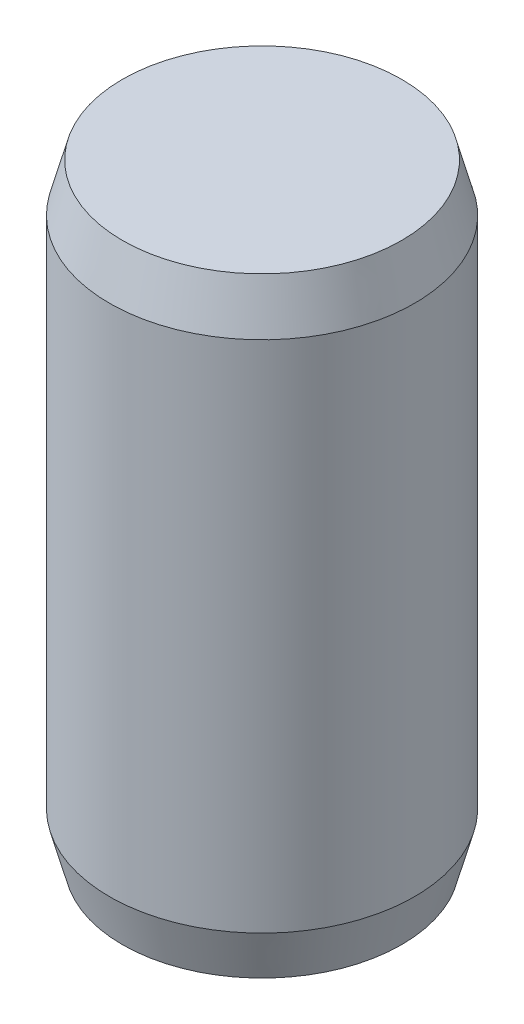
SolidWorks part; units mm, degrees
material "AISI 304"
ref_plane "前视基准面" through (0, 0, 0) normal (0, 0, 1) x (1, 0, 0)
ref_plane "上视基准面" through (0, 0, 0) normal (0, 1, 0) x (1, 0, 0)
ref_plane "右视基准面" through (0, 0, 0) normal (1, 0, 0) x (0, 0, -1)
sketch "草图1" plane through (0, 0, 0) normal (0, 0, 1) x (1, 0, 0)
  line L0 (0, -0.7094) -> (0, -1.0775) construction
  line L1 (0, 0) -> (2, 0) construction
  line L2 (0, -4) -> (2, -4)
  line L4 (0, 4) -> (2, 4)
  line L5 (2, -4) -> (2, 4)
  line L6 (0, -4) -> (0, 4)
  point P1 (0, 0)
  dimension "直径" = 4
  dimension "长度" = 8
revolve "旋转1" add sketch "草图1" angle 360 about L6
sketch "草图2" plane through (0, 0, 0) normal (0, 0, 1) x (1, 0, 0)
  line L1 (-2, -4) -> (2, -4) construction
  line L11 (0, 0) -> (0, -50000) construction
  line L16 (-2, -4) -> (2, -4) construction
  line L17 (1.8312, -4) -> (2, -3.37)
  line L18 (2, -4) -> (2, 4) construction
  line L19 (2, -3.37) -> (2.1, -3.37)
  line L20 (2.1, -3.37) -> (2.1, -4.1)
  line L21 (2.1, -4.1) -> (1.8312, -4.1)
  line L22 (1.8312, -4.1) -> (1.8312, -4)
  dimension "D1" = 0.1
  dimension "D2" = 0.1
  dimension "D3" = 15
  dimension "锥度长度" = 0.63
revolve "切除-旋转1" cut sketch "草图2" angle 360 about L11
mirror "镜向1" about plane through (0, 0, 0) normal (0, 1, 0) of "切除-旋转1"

Prompt: Nothing but the records, repeated exactly and stripped of pictures, should appear in the answer.

Answer box:
SolidWorks part; units mm, degrees
material "AISI 304"
ref_plane "前视基准面" through (0, 0, 0) normal (0, 0, 1) x (1, 0, 0)
ref_plane "上视基准面" through (0, 0, 0) normal (0, 1, 0) x (1, 0, 0)
ref_plane "右视基准面" through (0, 0, 0) normal (1, 0, 0) x (0, 0, -1)
sketch "草图1" plane through (0, 0, 0) normal (0, 0, 1) x (1, 0, 0)
  line L0 (0, -0.7094) -> (0, -1.0775) construction
  line L1 (0, 0) -> (2, 0) construction
  line L2 (0, -4) -> (2, -4)
  line L4 (0, 4) -> (2, 4)
  line L5 (2, -4) -> (2, 4)
  line L6 (0, -4) -> (0, 4)
  point P1 (0, 0)
  dimension "直径" = 4
  dimension "长度" = 8
revolve "旋转1" add sketch "草图1" angle 360 about L6
sketch "草图2" plane through (0, 0, 0) normal (0, 0, 1) x (1, 0, 0)
  line L1 (-2, -4) -> (2, -4) construction
  line L11 (0, 0) -> (0, -50000) construction
  line L16 (-2, -4) -> (2, -4) construction
  line L17 (1.8312, -4) -> (2, -3.37)
  line L18 (2, -4) -> (2, 4) construction
  line L19 (2, -3.37) -> (2.1, -3.37)
  line L20 (2.1, -3.37) -> (2.1, -4.1)
  line L21 (2.1, -4.1) -> (1.8312, -4.1)
  line L22 (1.8312, -4.1) -> (1.8312, -4)
  dimension "D1" = 0.1
  dimension "D2" = 0.1
  dimension "D3" = 15
  dimension "锥度长度" = 0.63
revolve "切除-旋转1" cut sketch "草图2" angle 360 about L11
mirror "镜向1" about plane through (0, 0, 0) normal (0, 1, 0) of "切除-旋转1"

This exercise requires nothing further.